Dataset items:
======

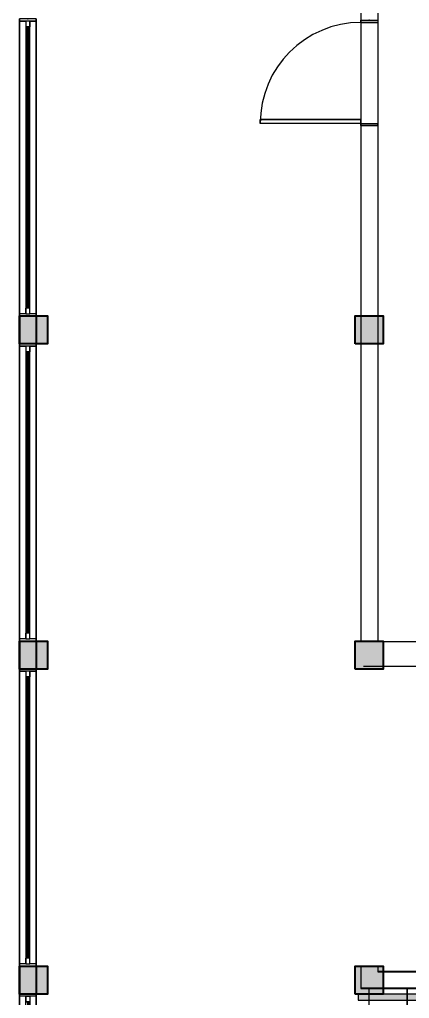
# Model space of a CAD drawing. Header units: metres. Extents: x 512 to 829, y -209 to 245.
# Drawn here: x 703.01 to 706.52, y -163.11 to -154.33 of the extents above; entities that cross this region are included whole.
import ezdxf

# ---------------------------------------------------------------- set-up
doc = ezdxf.new("R2010")
doc.units = ezdxf.units.M
doc.header["$LTSCALE"] = 0.508
doc.set_wipeout_variables(frame=1)
doc.header["$PDSIZE"] = -2
doc.linetypes.add('STYLE_17', pattern=[14.76378, 9.84252, -4.92126])
for name, color, linetype, lineweight in [('None', 7, 'Continuous', 5), ('NãoImprimir', 7, 'Continuous', 5), ('Peitoris', 2, 'Continuous', 5), ('Telhado-Princ', 7, 'Continuous', 5)]:
    doc.layers.add(name, color=color, linetype=linetype, lineweight=lineweight)
doc.styles.add('Arial', font='arial.ttf')

# ---------------------------------------------------------------- blocks, each defined once
blk = doc.blocks.new('Grupo-3953')
at = {"color": 7, "linetype": 'Continuous', "lineweight": 5}
for points in [[(-1.325, 0.075), (-1.30595, 0.075), (-1.30595, -0.075), (-1.325, -0.075)], [(1.30595, 0.075), (1.325, 0.075), (1.325, -0.075), (1.30595, -0.075)]]:
    blk.add_wipeout(points, dxfattribs=at).dxf.layer = 'None'
at = {"layer": 'None', "color": 7, "linetype": 'Continuous', "lineweight": 5}
for points in [[(-1.325, 0.075), (-1.30595, 0.075), (-1.30595, -0.075), (-1.325, -0.075)], [(1.30595, 0.075), (1.325, 0.075), (1.325, -0.075), (1.30595, -0.075)]]:
    blk.add_lwpolyline(points, close=True, dxfattribs=at)
blk = doc.blocks.new('Grupo-3954')
at = {"layer": 'None', "color": 7}
blk.add_blockref('Grupo-3953', (0, 0), dxfattribs=at)
at = {"layer": 'None', "color": 7, "linetype": 'Continuous', "lineweight": 5}
for p, q in [((-1.325, 0.075), (-1.30595, 0.075)), ((-1.30595, 0.075), (-1.30595, -0.075)), ((1.325, 0.075), (1.30595, 0.075)), ((1.30595, 0.075), (1.30595, -0.075)), ((-1.325, -0.075), (-1.30595, -0.075)), ((1.325, -0.075), (1.30595, -0.075))]:
    blk.add_line(p, q, dxfattribs=at)
blk = doc.blocks.new('Grupo-3955')
at = {"layer": 'None', "color": 7, "linetype": 'Continuous', "lineweight": 5}
for p, q in [((-1.3059, 0.0175), (-1.3059, -0.0175)), ((1.3059, 0.0175), (1.3059, -0.0175))]:
    blk.add_line(p, q, dxfattribs=at)
blk = doc.blocks.new('Grupo-3956')
at = {"color": 7, "linetype": 'Continuous', "lineweight": 5}
for points in [[(-1.3059, 0.0175), (-1.2551, 0.0175), (-1.2551, -0.0175), (-1.3059, -0.0175)], [(1.2551, 0.0175), (1.3059, 0.0175), (1.3059, -0.0175), (1.2551, -0.0175)]]:
    blk.add_wipeout(points, dxfattribs=at).dxf.layer = 'None'
at = {"layer": 'None', "color": 7, "linetype": 'Continuous', "lineweight": 5}
for points in [[(-1.3059, 0.0175), (-1.2551, 0.0175), (-1.2551, -0.0175), (-1.3059, -0.0175)], [(1.2551, 0.0175), (1.3059, 0.0175), (1.3059, -0.0175), (1.2551, -0.0175)]]:
    blk.add_lwpolyline(points, close=True, dxfattribs=at)
blk = doc.blocks.new('Grupo-3957')
at = {"layer": 'None', "color": 7}
blk.add_blockref('Grupo-3955', (0, 0), dxfattribs=at)
at = {"color": 7, "linetype": 'Continuous', "lineweight": 5}
blk.add_wipeout([(-1.2551, 0.0175), (1.2551, 0.0175), (1.2551, -0.0175), (-1.2551, -0.0175)], dxfattribs=at).dxf.layer = 'None'
at = {"layer": 'None', "color": 7, "linetype": 'Continuous', "lineweight": 5}
blk.add_lwpolyline([(-1.2551, 0.0175), (1.2551, 0.0175), (1.2551, -0.0175), (-1.2551, -0.0175)], close=True, dxfattribs=at)
at = {"layer": 'None', "color": 7}
blk.add_blockref('Grupo-3956', (0, 0), dxfattribs=at)
at = {"layer": 'None', "color": 7, "linetype": 'Continuous', "lineweight": 5}
for p, q in [((-1.3059, 0.0175), (-1.2551, 0.0175)), ((-1.2551, 0.0175), (-1.2551, -0.0175)), ((1.3059, 0.0175), (1.2551, 0.0175)), ((1.2551, 0.0175), (1.2551, -0.0175)), ((-1.3059, -0.0175), (-1.2551, -0.0175)), ((1.3059, -0.0175), (1.2551, -0.0175))]:
    blk.add_line(p, q, dxfattribs=at)
blk = doc.blocks.new('Grupo-3958')
at = {"color": 7, "linetype": 'Continuous', "lineweight": 9}
blk.add_wipeout([(-1.25515, 0.000635), (1.25515, 0.000635), (1.25515, -0.000635), (-1.25515, -0.000635)], dxfattribs=at).dxf.layer = 'None'
blk = doc.blocks.new('Grupo-3959')
at = {"layer": 'None', "color": 7}
blk.add_blockref('Grupo-3958', (0, 0), dxfattribs=at)
at = {"layer": 'None', "color": 7, "linetype": 'Continuous', "lineweight": 25}
for p, q in [((-1.25515, 0.000635), (1.25515, 0.000635)), ((-1.25515, -0.000635), (1.25515, -0.000635))]:
    blk.add_line(p, q, dxfattribs=at)
blk = doc.blocks.new('Grupo-3960')
at = {"layer": 'None', "color": 7, "linetype": 'Continuous', "lineweight": 20}
for p, q in [((1.325, 0.075), (-1.325, 0.075)), ((1.325, -0.075), (-1.325, -0.075))]:
    blk.add_line(p, q, dxfattribs=at)
blk = doc.blocks.new('Window (2D)-334')
at = {"color": 7, "linetype": 'Continuous', "lineweight": 5}
blk.add_wipeout([(-1.325, 0.075), (1.325, 0.075), (1.325, -0.075), (-1.325, -0.075)], dxfattribs=at).dxf.layer = 'None'
at = {"layer": 'None', "color": 7}
blk.add_blockref('Grupo-3954', (0, 0), dxfattribs=at)
at = {"layer": 'None', "color": 7, "linetype": 'Continuous', "lineweight": 5}
for p, q in [((-1.325, 0.075), (1.325, 0.075)), ((-1.325, -0.075), (1.325, -0.075))]:
    blk.add_line(p, q, dxfattribs=at)
at = {"layer": 'NãoImprimir', "linetype": 'Continuous'}
for p in [(-1.325, 0), (1.325, 0)]:
    blk.add_point(p, dxfattribs=at)
at = {"layer": 'Peitoris'}
blk.add_blockref('Grupo-3957', (0, 0), dxfattribs=at)
blk.add_blockref('Grupo-3959', (0, 0), dxfattribs=at)
at = {"layer": 'Telhado-Princ'}
blk.add_blockref('Grupo-3960', (0, 0), dxfattribs=at)
blk = doc.blocks.new('Grupo-3961')
at = {"color": 7, "linetype": 'Continuous', "lineweight": 5}
for points in [[(-1.325, 0.075), (-1.30595, 0.075), (-1.30595, -0.075), (-1.325, -0.075)], [(1.30595, 0.075), (1.325, 0.075), (1.325, -0.075), (1.30595, -0.075)]]:
    blk.add_wipeout(points, dxfattribs=at).dxf.layer = 'None'
at = {"layer": 'None', "color": 7, "linetype": 'Continuous', "lineweight": 5}
for points in [[(-1.325, 0.075), (-1.30595, 0.075), (-1.30595, -0.075), (-1.325, -0.075)], [(1.30595, 0.075), (1.325, 0.075), (1.325, -0.075), (1.30595, -0.075)]]:
    blk.add_lwpolyline(points, close=True, dxfattribs=at)
blk = doc.blocks.new('Grupo-3962')
at = {"layer": 'None', "color": 7}
blk.add_blockref('Grupo-3961', (0, 0), dxfattribs=at)
at = {"layer": 'None', "color": 7, "linetype": 'Continuous', "lineweight": 5}
for p, q in [((-1.325, 0.075), (-1.30595, 0.075)), ((-1.30595, 0.075), (-1.30595, -0.075)), ((1.325, 0.075), (1.30595, 0.075)), ((1.30595, 0.075), (1.30595, -0.075)), ((-1.325, -0.075), (-1.30595, -0.075)), ((1.325, -0.075), (1.30595, -0.075))]:
    blk.add_line(p, q, dxfattribs=at)
blk = doc.blocks.new('Grupo-3963')
at = {"layer": 'None', "color": 7, "linetype": 'Continuous', "lineweight": 5}
for p, q in [((-1.3059, 0.0175), (-1.3059, -0.0175)), ((1.3059, 0.0175), (1.3059, -0.0175))]:
    blk.add_line(p, q, dxfattribs=at)
blk = doc.blocks.new('Grupo-3964')
at = {"color": 7, "linetype": 'Continuous', "lineweight": 5}
for points in [[(-1.3059, 0.0175), (-1.2551, 0.0175), (-1.2551, -0.0175), (-1.3059, -0.0175)], [(1.2551, 0.0175), (1.3059, 0.0175), (1.3059, -0.0175), (1.2551, -0.0175)]]:
    blk.add_wipeout(points, dxfattribs=at).dxf.layer = 'None'
at = {"layer": 'None', "color": 7, "linetype": 'Continuous', "lineweight": 5}
for points in [[(-1.3059, 0.0175), (-1.2551, 0.0175), (-1.2551, -0.0175), (-1.3059, -0.0175)], [(1.2551, 0.0175), (1.3059, 0.0175), (1.3059, -0.0175), (1.2551, -0.0175)]]:
    blk.add_lwpolyline(points, close=True, dxfattribs=at)
blk = doc.blocks.new('Grupo-3965')
at = {"layer": 'None', "color": 7}
blk.add_blockref('Grupo-3963', (0, 0), dxfattribs=at)
at = {"color": 7, "linetype": 'Continuous', "lineweight": 5}
blk.add_wipeout([(-1.2551, 0.0175), (1.2551, 0.0175), (1.2551, -0.0175), (-1.2551, -0.0175)], dxfattribs=at).dxf.layer = 'None'
at = {"layer": 'None', "color": 7, "linetype": 'Continuous', "lineweight": 5}
blk.add_lwpolyline([(-1.2551, 0.0175), (1.2551, 0.0175), (1.2551, -0.0175), (-1.2551, -0.0175)], close=True, dxfattribs=at)
at = {"layer": 'None', "color": 7}
blk.add_blockref('Grupo-3964', (0, 0), dxfattribs=at)
at = {"layer": 'None', "color": 7, "linetype": 'Continuous', "lineweight": 5}
for p, q in [((-1.3059, 0.0175), (-1.2551, 0.0175)), ((-1.2551, 0.0175), (-1.2551, -0.0175)), ((1.3059, 0.0175), (1.2551, 0.0175)), ((1.2551, 0.0175), (1.2551, -0.0175)), ((-1.3059, -0.0175), (-1.2551, -0.0175)), ((1.3059, -0.0175), (1.2551, -0.0175))]:
    blk.add_line(p, q, dxfattribs=at)
blk = doc.blocks.new('Grupo-3966')
at = {"color": 7, "linetype": 'Continuous', "lineweight": 9}
blk.add_wipeout([(-1.25515, 0.000635), (1.25515, 0.000635), (1.25515, -0.000635), (-1.25515, -0.000635)], dxfattribs=at).dxf.layer = 'None'
blk = doc.blocks.new('Grupo-3967')
at = {"layer": 'None', "color": 7}
blk.add_blockref('Grupo-3966', (0, 0), dxfattribs=at)
at = {"layer": 'None', "color": 7, "linetype": 'Continuous', "lineweight": 25}
for p, q in [((-1.25515, 0.000635), (1.25515, 0.000635)), ((-1.25515, -0.000635), (1.25515, -0.000635))]:
    blk.add_line(p, q, dxfattribs=at)
blk = doc.blocks.new('Grupo-3968')
at = {"layer": 'None', "color": 7, "linetype": 'Continuous', "lineweight": 20}
for p, q in [((1.325, 0.075), (-1.325, 0.075)), ((1.325, -0.075), (-1.325, -0.075))]:
    blk.add_line(p, q, dxfattribs=at)
blk = doc.blocks.new('Window (2D)-335')
at = {"color": 7, "linetype": 'Continuous', "lineweight": 5}
blk.add_wipeout([(-1.325, 0.075), (1.325, 0.075), (1.325, -0.075), (-1.325, -0.075)], dxfattribs=at).dxf.layer = 'None'
at = {"layer": 'None', "color": 7}
blk.add_blockref('Grupo-3962', (0, 0), dxfattribs=at)
at = {"layer": 'None', "color": 7, "linetype": 'Continuous', "lineweight": 5}
for p, q in [((-1.325, 0.075), (1.325, 0.075)), ((-1.325, -0.075), (1.325, -0.075))]:
    blk.add_line(p, q, dxfattribs=at)
at = {"layer": 'NãoImprimir', "linetype": 'Continuous'}
for p in [(-1.325, 0), (1.325, 0)]:
    blk.add_point(p, dxfattribs=at)
at = {"layer": 'Peitoris'}
blk.add_blockref('Grupo-3965', (0, 0), dxfattribs=at)
blk.add_blockref('Grupo-3967', (0, 0), dxfattribs=at)
at = {"layer": 'Telhado-Princ'}
blk.add_blockref('Grupo-3968', (0, 0), dxfattribs=at)
blk = doc.blocks.new('Grupo-3969')
at = {"color": 7, "linetype": 'Continuous', "lineweight": 5}
for points in [[(-1.325, 0.075), (-1.30595, 0.075), (-1.30595, -0.075), (-1.325, -0.075)], [(1.30595, 0.075), (1.325, 0.075), (1.325, -0.075), (1.30595, -0.075)]]:
    blk.add_wipeout(points, dxfattribs=at).dxf.layer = 'None'
at = {"layer": 'None', "color": 7, "linetype": 'Continuous', "lineweight": 5}
for points in [[(-1.325, 0.075), (-1.30595, 0.075), (-1.30595, -0.075), (-1.325, -0.075)], [(1.30595, 0.075), (1.325, 0.075), (1.325, -0.075), (1.30595, -0.075)]]:
    blk.add_lwpolyline(points, close=True, dxfattribs=at)
blk = doc.blocks.new('Grupo-3970')
at = {"layer": 'None', "color": 7}
blk.add_blockref('Grupo-3969', (0, 0), dxfattribs=at)
at = {"layer": 'None', "color": 7, "linetype": 'Continuous', "lineweight": 5}
for p, q in [((-1.325, 0.075), (-1.30595, 0.075)), ((-1.30595, 0.075), (-1.30595, -0.075)), ((1.325, 0.075), (1.30595, 0.075)), ((1.30595, 0.075), (1.30595, -0.075)), ((-1.325, -0.075), (-1.30595, -0.075)), ((1.325, -0.075), (1.30595, -0.075))]:
    blk.add_line(p, q, dxfattribs=at)
blk = doc.blocks.new('Grupo-3971')
at = {"layer": 'None', "color": 7, "linetype": 'Continuous', "lineweight": 5}
for p, q in [((-1.3059, 0.0175), (-1.3059, -0.0175)), ((1.3059, 0.0175), (1.3059, -0.0175))]:
    blk.add_line(p, q, dxfattribs=at)
blk = doc.blocks.new('Grupo-3972')
at = {"color": 7, "linetype": 'Continuous', "lineweight": 5}
for points in [[(-1.3059, 0.0175), (-1.2551, 0.0175), (-1.2551, -0.0175), (-1.3059, -0.0175)], [(1.2551, 0.0175), (1.3059, 0.0175), (1.3059, -0.0175), (1.2551, -0.0175)]]:
    blk.add_wipeout(points, dxfattribs=at).dxf.layer = 'None'
at = {"layer": 'None', "color": 7, "linetype": 'Continuous', "lineweight": 5}
for points in [[(-1.3059, 0.0175), (-1.2551, 0.0175), (-1.2551, -0.0175), (-1.3059, -0.0175)], [(1.2551, 0.0175), (1.3059, 0.0175), (1.3059, -0.0175), (1.2551, -0.0175)]]:
    blk.add_lwpolyline(points, close=True, dxfattribs=at)
blk = doc.blocks.new('Grupo-3973')
at = {"layer": 'None', "color": 7}
blk.add_blockref('Grupo-3971', (0, 0), dxfattribs=at)
at = {"color": 7, "linetype": 'Continuous', "lineweight": 5}
blk.add_wipeout([(-1.2551, 0.0175), (1.2551, 0.0175), (1.2551, -0.0175), (-1.2551, -0.0175)], dxfattribs=at).dxf.layer = 'None'
at = {"layer": 'None', "color": 7, "linetype": 'Continuous', "lineweight": 5}
blk.add_lwpolyline([(-1.2551, 0.0175), (1.2551, 0.0175), (1.2551, -0.0175), (-1.2551, -0.0175)], close=True, dxfattribs=at)
at = {"layer": 'None', "color": 7}
blk.add_blockref('Grupo-3972', (0, 0), dxfattribs=at)
at = {"layer": 'None', "color": 7, "linetype": 'Continuous', "lineweight": 5}
for p, q in [((-1.3059, 0.0175), (-1.2551, 0.0175)), ((-1.2551, 0.0175), (-1.2551, -0.0175)), ((1.3059, 0.0175), (1.2551, 0.0175)), ((1.2551, 0.0175), (1.2551, -0.0175)), ((-1.3059, -0.0175), (-1.2551, -0.0175)), ((1.3059, -0.0175), (1.2551, -0.0175))]:
    blk.add_line(p, q, dxfattribs=at)
blk = doc.blocks.new('Grupo-3974')
at = {"color": 7, "linetype": 'Continuous', "lineweight": 9}
blk.add_wipeout([(-1.25515, 0.000635), (1.25515, 0.000635), (1.25515, -0.000635), (-1.25515, -0.000635)], dxfattribs=at).dxf.layer = 'None'
blk = doc.blocks.new('Grupo-3975')
at = {"layer": 'None', "color": 7}
blk.add_blockref('Grupo-3974', (0, 0), dxfattribs=at)
at = {"layer": 'None', "color": 7, "linetype": 'Continuous', "lineweight": 25}
for p, q in [((-1.25515, 0.000635), (1.25515, 0.000635)), ((-1.25515, -0.000635), (1.25515, -0.000635))]:
    blk.add_line(p, q, dxfattribs=at)
blk = doc.blocks.new('Grupo-3976')
at = {"layer": 'None', "color": 7, "linetype": 'Continuous', "lineweight": 20}
for p, q in [((1.325, 0.075), (-1.325, 0.075)), ((1.325, -0.075), (-1.325, -0.075))]:
    blk.add_line(p, q, dxfattribs=at)
blk = doc.blocks.new('Window (2D)-336')
at = {"color": 7, "linetype": 'Continuous', "lineweight": 5}
blk.add_wipeout([(-1.325, 0.075), (1.325, 0.075), (1.325, -0.075), (-1.325, -0.075)], dxfattribs=at).dxf.layer = 'None'
at = {"layer": 'None', "color": 7}
blk.add_blockref('Grupo-3970', (0, 0), dxfattribs=at)
at = {"layer": 'None', "color": 7, "linetype": 'Continuous', "lineweight": 5}
for p, q in [((-1.325, 0.075), (1.325, 0.075)), ((-1.325, -0.075), (1.325, -0.075))]:
    blk.add_line(p, q, dxfattribs=at)
at = {"layer": 'NãoImprimir', "linetype": 'Continuous'}
for p in [(-1.325, 0), (1.325, 0)]:
    blk.add_point(p, dxfattribs=at)
at = {"layer": 'Peitoris'}
blk.add_blockref('Grupo-3973', (0, 0), dxfattribs=at)
blk.add_blockref('Grupo-3975', (0, 0), dxfattribs=at)
at = {"layer": 'Telhado-Princ'}
blk.add_blockref('Grupo-3976', (0, 0), dxfattribs=at)
blk = doc.blocks.new('Grupo-3977')
at = {"color": 7, "linetype": 'Continuous', "lineweight": 5}
for points in [[(-1.325, 0.075), (-1.30595, 0.075), (-1.30595, -0.075), (-1.325, -0.075)], [(1.30595, 0.075), (1.325, 0.075), (1.325, -0.075), (1.30595, -0.075)]]:
    blk.add_wipeout(points, dxfattribs=at).dxf.layer = 'None'
at = {"layer": 'None', "color": 7, "linetype": 'Continuous', "lineweight": 5}
for points in [[(-1.325, 0.075), (-1.30595, 0.075), (-1.30595, -0.075), (-1.325, -0.075)], [(1.30595, 0.075), (1.325, 0.075), (1.325, -0.075), (1.30595, -0.075)]]:
    blk.add_lwpolyline(points, close=True, dxfattribs=at)
blk = doc.blocks.new('Grupo-3978')
at = {"layer": 'None', "color": 7}
blk.add_blockref('Grupo-3977', (0, 0), dxfattribs=at)
at = {"layer": 'None', "color": 7, "linetype": 'Continuous', "lineweight": 5}
for p, q in [((-1.325, 0.075), (-1.30595, 0.075)), ((-1.30595, 0.075), (-1.30595, -0.075)), ((1.325, 0.075), (1.30595, 0.075)), ((1.30595, 0.075), (1.30595, -0.075)), ((-1.325, -0.075), (-1.30595, -0.075)), ((1.325, -0.075), (1.30595, -0.075))]:
    blk.add_line(p, q, dxfattribs=at)
blk = doc.blocks.new('Grupo-3979')
at = {"layer": 'None', "color": 7, "linetype": 'Continuous', "lineweight": 5}
for p, q in [((-1.3059, 0.0175), (-1.3059, -0.0175)), ((1.3059, 0.0175), (1.3059, -0.0175))]:
    blk.add_line(p, q, dxfattribs=at)
blk = doc.blocks.new('Grupo-3980')
at = {"color": 7, "linetype": 'Continuous', "lineweight": 5}
for points in [[(-1.3059, 0.0175), (-1.2551, 0.0175), (-1.2551, -0.0175), (-1.3059, -0.0175)], [(1.2551, 0.0175), (1.3059, 0.0175), (1.3059, -0.0175), (1.2551, -0.0175)]]:
    blk.add_wipeout(points, dxfattribs=at).dxf.layer = 'None'
at = {"layer": 'None', "color": 7, "linetype": 'Continuous', "lineweight": 5}
for points in [[(-1.3059, 0.0175), (-1.2551, 0.0175), (-1.2551, -0.0175), (-1.3059, -0.0175)], [(1.2551, 0.0175), (1.3059, 0.0175), (1.3059, -0.0175), (1.2551, -0.0175)]]:
    blk.add_lwpolyline(points, close=True, dxfattribs=at)
blk = doc.blocks.new('Grupo-3981')
at = {"layer": 'None', "color": 7}
blk.add_blockref('Grupo-3979', (0, 0), dxfattribs=at)
at = {"color": 7, "linetype": 'Continuous', "lineweight": 5}
blk.add_wipeout([(-1.2551, 0.0175), (1.2551, 0.0175), (1.2551, -0.0175), (-1.2551, -0.0175)], dxfattribs=at).dxf.layer = 'None'
at = {"layer": 'None', "color": 7, "linetype": 'Continuous', "lineweight": 5}
blk.add_lwpolyline([(-1.2551, 0.0175), (1.2551, 0.0175), (1.2551, -0.0175), (-1.2551, -0.0175)], close=True, dxfattribs=at)
at = {"layer": 'None', "color": 7}
blk.add_blockref('Grupo-3980', (0, 0), dxfattribs=at)
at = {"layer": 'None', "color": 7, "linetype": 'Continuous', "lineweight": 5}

======

About this task:
In the records above, which lines hold the string "units"? Copy each one.

Exercise result:
# Model space of a CAD drawing. Header units: metres. Extents: x 512 to 829, y -209 to 245.
doc.units = ezdxf.units.M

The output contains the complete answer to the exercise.